Start of Exercise data

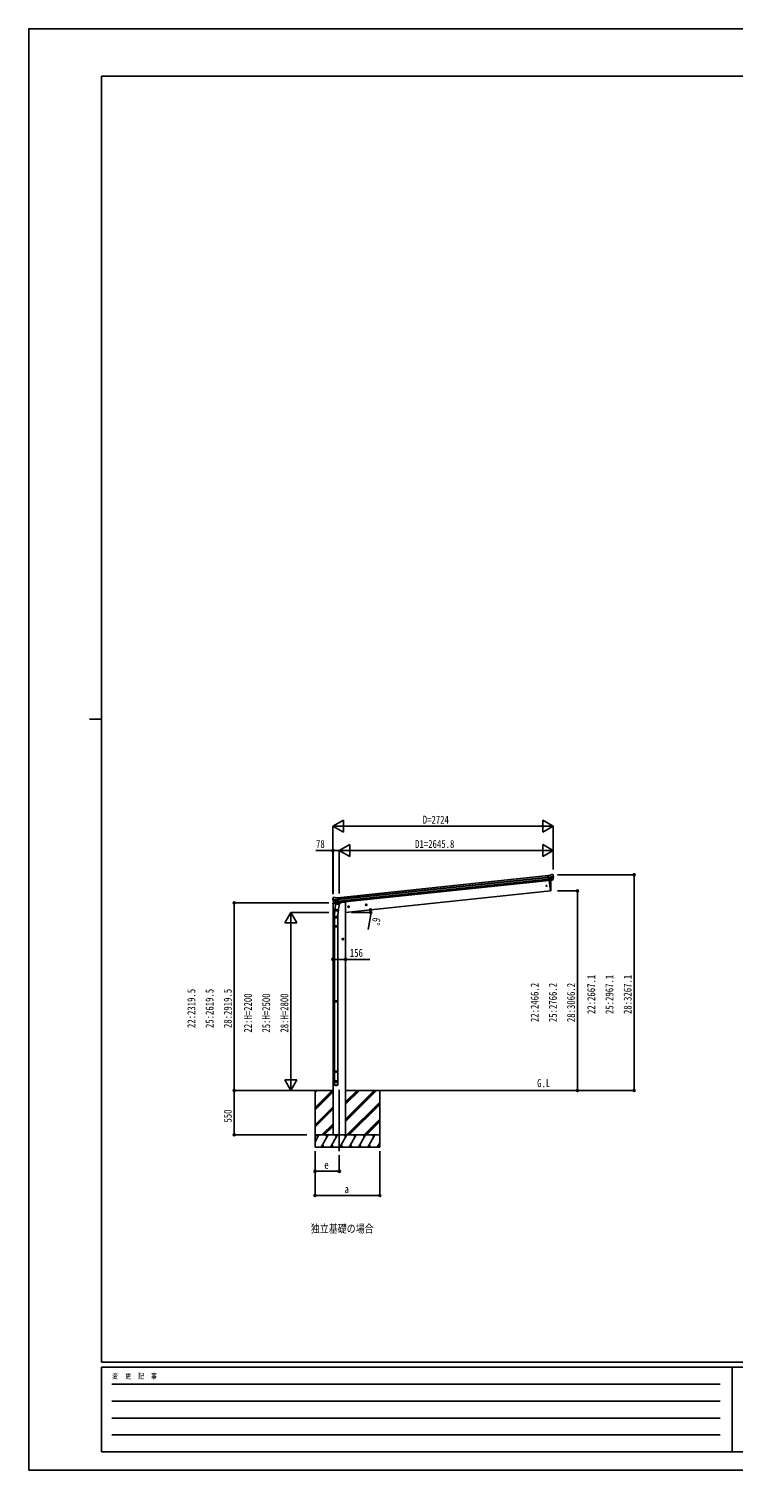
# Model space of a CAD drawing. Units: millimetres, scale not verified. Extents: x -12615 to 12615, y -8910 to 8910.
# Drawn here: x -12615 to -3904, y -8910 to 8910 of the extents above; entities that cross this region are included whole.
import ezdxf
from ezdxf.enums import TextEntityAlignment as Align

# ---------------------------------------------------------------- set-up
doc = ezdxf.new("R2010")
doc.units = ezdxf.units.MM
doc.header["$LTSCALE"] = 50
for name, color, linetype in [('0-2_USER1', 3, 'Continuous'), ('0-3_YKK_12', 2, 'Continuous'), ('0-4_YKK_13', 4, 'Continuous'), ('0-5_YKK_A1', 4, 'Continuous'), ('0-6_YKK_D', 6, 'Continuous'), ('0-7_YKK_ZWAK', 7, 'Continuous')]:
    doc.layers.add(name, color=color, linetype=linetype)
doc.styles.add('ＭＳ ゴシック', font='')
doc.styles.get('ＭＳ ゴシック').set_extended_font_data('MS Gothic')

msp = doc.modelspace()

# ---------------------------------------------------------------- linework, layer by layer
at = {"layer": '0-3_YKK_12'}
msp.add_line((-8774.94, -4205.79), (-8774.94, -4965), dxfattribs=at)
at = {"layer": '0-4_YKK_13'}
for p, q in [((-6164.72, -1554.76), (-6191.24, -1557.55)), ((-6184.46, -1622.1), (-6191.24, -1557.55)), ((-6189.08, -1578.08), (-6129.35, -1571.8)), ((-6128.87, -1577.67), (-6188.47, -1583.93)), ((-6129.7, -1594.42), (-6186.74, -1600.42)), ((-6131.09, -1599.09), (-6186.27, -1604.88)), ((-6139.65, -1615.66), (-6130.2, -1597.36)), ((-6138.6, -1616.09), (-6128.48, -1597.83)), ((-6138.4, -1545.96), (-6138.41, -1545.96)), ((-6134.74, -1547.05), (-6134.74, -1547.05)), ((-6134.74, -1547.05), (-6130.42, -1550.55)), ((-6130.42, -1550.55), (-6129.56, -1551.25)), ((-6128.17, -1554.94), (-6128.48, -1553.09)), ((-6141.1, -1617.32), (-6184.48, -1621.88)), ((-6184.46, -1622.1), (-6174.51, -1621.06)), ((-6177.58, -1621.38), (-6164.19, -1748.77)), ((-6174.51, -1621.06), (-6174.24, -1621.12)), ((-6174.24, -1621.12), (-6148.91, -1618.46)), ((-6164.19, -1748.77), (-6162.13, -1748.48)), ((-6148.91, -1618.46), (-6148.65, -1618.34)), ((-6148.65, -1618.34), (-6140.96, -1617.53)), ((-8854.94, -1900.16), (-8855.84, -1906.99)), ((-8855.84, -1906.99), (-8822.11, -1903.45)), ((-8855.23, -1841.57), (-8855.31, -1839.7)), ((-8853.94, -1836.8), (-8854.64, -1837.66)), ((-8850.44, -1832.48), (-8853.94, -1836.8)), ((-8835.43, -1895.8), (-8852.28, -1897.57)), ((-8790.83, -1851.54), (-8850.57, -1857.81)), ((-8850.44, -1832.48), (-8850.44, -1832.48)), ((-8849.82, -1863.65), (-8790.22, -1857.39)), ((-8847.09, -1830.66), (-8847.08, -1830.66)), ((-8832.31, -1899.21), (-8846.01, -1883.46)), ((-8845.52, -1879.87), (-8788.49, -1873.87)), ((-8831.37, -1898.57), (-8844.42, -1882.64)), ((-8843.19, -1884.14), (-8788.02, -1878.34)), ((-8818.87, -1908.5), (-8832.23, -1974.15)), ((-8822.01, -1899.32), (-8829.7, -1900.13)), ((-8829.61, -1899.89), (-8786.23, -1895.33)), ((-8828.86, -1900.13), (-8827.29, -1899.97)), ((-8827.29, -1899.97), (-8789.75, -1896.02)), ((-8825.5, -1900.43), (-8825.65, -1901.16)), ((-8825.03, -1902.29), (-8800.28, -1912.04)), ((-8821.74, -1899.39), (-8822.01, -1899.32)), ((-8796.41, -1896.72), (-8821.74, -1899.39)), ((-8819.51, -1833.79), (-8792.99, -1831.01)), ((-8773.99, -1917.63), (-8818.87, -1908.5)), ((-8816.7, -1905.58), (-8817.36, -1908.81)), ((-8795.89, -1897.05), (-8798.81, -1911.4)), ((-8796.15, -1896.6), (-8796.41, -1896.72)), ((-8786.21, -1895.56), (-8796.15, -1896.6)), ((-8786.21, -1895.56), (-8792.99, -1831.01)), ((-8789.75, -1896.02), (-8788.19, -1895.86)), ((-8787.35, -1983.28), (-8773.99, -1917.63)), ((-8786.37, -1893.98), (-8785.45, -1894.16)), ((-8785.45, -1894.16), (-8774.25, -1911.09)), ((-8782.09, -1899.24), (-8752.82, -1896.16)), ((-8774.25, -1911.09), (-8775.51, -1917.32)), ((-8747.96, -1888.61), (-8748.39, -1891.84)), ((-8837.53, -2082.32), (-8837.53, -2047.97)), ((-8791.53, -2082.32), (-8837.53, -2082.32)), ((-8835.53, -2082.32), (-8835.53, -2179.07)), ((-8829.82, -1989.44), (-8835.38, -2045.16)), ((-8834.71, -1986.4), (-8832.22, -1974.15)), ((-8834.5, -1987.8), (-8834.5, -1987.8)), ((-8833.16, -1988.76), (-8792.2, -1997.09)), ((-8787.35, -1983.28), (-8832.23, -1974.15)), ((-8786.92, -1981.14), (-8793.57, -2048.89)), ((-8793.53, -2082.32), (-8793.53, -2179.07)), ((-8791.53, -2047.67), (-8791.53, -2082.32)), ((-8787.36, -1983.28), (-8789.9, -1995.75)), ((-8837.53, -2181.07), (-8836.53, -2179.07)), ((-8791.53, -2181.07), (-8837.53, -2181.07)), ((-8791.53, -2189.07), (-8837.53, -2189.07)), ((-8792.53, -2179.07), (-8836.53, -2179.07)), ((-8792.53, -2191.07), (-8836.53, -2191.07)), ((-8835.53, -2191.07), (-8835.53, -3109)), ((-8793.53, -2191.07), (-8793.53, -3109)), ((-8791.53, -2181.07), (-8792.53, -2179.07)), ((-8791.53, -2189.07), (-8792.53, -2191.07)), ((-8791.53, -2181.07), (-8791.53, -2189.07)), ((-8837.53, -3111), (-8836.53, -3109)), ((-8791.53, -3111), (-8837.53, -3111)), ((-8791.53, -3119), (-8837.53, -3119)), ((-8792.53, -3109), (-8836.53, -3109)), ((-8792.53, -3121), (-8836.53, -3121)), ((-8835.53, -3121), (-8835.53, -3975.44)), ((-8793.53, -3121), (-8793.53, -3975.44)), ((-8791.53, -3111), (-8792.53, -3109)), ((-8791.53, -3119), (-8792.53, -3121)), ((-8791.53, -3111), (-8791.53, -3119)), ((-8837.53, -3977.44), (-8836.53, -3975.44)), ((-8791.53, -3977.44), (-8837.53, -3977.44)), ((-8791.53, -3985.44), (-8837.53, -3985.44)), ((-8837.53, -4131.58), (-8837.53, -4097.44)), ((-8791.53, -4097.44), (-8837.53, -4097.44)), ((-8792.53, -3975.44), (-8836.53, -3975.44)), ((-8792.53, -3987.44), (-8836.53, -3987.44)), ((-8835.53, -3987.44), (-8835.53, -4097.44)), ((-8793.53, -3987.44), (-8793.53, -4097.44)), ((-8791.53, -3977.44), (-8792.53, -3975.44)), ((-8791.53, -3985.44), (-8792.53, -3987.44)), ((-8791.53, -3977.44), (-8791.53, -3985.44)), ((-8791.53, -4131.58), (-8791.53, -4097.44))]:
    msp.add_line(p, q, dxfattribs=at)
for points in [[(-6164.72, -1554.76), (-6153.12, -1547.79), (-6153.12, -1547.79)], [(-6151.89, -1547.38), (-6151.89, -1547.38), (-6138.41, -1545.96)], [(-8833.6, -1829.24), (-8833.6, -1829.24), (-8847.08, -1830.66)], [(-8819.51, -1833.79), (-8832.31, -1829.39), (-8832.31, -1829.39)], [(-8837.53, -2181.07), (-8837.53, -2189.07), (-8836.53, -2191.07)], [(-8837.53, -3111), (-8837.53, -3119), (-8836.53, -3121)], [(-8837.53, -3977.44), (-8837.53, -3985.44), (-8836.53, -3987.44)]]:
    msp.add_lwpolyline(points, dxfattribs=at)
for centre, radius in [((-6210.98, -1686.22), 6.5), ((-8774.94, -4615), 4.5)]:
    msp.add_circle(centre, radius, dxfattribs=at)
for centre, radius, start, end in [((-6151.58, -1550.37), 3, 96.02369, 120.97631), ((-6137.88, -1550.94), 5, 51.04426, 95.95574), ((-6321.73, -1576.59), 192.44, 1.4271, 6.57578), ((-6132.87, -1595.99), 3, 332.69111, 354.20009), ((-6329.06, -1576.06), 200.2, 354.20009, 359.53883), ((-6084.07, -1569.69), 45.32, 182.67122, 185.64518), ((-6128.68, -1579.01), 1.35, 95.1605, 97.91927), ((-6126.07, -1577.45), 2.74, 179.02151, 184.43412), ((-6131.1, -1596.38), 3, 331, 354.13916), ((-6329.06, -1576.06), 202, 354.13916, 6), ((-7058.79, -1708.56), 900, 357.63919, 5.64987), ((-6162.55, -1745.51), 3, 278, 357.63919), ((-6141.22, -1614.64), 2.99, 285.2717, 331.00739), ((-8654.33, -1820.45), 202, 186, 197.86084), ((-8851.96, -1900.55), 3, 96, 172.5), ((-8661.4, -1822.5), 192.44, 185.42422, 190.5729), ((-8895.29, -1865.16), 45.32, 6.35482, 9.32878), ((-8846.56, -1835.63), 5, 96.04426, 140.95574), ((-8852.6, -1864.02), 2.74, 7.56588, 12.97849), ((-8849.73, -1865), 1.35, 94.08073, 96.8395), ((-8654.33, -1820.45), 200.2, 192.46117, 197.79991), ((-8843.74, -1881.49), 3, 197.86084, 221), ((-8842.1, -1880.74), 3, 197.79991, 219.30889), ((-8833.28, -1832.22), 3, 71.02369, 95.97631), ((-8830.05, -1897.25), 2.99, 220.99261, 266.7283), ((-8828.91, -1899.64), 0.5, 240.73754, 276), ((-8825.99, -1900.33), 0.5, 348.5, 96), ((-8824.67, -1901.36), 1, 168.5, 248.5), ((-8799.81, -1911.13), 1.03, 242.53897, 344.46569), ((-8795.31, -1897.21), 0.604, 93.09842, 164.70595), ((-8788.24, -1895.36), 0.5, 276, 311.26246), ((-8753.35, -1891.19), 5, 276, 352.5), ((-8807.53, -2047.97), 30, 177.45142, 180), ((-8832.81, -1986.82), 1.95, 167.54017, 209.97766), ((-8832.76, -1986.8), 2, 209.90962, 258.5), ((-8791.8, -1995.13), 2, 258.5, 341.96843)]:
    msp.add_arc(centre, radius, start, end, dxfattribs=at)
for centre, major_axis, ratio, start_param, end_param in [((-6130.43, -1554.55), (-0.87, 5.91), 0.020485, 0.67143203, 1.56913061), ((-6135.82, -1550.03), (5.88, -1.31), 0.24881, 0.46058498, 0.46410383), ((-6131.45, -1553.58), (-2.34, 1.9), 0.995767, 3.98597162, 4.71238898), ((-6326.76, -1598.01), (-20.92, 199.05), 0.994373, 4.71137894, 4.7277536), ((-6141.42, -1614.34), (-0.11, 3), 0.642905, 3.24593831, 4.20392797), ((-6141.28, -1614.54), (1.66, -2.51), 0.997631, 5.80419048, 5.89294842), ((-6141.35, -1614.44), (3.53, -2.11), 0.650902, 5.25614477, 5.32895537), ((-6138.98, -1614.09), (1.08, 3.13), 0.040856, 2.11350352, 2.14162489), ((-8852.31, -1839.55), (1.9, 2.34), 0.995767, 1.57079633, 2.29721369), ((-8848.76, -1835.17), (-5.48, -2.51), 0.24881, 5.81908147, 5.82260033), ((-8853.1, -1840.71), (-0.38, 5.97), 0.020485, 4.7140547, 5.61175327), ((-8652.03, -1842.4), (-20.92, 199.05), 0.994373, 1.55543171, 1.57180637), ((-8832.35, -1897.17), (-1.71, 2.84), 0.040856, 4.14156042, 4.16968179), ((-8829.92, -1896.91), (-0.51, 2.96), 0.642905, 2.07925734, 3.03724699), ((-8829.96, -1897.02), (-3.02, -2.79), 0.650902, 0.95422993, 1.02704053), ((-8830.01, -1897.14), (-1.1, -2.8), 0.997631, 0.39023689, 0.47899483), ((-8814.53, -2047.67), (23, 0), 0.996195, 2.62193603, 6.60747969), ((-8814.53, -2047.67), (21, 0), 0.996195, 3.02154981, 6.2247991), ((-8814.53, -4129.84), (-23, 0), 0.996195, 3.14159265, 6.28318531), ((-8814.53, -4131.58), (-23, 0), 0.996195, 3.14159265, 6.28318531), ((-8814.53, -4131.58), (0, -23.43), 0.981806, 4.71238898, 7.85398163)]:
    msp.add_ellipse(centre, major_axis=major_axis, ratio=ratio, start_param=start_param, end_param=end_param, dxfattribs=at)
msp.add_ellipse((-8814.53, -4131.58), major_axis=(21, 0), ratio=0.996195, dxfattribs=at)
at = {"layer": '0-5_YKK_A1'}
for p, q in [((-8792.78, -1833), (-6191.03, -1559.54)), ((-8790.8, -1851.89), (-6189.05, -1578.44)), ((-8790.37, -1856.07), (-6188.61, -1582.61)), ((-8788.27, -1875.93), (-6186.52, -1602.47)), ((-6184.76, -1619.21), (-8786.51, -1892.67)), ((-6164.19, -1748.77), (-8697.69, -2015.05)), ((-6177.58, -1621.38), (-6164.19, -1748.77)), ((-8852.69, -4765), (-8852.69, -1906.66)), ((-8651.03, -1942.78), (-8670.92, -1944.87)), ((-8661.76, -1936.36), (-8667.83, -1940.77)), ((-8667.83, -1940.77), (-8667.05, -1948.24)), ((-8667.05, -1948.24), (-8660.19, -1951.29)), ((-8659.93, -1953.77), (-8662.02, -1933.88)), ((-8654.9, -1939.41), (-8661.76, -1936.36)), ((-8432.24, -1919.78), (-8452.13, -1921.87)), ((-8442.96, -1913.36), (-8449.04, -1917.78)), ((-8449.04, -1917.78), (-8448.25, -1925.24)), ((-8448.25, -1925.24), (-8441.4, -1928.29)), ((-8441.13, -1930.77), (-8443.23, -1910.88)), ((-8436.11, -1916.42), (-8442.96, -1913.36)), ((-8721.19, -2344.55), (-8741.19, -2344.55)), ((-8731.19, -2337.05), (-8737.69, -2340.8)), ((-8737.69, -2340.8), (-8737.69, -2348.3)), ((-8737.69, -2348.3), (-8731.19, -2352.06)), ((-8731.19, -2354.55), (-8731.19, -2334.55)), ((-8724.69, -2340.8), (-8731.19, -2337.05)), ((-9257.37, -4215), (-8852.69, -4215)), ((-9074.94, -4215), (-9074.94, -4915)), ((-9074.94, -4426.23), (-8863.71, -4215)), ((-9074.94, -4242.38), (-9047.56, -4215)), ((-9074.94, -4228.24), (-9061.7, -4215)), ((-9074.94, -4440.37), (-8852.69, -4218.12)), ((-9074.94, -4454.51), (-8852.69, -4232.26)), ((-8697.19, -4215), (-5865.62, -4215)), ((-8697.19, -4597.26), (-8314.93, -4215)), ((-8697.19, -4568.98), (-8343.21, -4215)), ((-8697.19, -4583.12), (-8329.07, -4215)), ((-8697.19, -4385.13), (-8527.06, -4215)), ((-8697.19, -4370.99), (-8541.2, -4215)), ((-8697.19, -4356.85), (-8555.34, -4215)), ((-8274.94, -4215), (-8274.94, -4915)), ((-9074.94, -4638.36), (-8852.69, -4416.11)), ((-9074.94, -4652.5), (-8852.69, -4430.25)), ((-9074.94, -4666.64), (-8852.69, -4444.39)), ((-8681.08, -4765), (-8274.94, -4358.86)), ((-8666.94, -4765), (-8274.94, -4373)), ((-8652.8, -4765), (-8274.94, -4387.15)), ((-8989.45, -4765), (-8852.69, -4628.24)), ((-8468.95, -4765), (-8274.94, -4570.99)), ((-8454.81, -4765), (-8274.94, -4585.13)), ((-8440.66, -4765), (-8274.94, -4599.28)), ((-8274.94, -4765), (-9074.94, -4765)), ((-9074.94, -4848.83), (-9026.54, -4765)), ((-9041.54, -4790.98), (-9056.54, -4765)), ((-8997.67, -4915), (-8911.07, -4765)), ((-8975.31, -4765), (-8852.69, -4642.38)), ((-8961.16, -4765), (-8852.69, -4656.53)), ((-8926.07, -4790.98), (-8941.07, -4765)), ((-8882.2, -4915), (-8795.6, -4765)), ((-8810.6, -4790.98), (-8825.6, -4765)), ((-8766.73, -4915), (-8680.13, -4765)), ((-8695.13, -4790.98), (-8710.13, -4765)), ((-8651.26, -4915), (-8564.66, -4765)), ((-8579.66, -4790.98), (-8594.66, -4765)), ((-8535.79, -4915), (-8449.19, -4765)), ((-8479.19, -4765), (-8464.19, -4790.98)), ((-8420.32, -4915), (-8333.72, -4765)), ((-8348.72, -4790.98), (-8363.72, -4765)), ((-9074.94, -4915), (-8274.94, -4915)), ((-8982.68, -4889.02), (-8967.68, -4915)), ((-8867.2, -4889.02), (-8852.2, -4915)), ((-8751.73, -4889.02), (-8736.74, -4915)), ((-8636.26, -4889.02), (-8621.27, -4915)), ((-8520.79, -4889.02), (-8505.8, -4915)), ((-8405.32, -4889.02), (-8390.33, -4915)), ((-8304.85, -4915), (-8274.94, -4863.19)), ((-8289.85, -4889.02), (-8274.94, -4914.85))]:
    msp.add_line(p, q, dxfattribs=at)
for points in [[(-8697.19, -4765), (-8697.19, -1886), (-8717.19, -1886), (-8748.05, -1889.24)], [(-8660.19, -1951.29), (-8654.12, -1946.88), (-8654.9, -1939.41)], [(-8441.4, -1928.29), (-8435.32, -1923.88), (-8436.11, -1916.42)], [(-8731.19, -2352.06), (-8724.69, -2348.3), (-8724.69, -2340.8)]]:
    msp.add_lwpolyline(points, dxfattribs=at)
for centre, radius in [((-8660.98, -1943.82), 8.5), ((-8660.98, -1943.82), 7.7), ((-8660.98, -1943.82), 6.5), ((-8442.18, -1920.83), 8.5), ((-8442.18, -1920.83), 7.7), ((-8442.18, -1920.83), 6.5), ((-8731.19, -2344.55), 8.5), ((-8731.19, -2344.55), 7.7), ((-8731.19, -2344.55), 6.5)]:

End of Exercise data

(How to complete this task) Reply with a number alone, the number of lines of the records that hold the word "color".

(Written solution) 2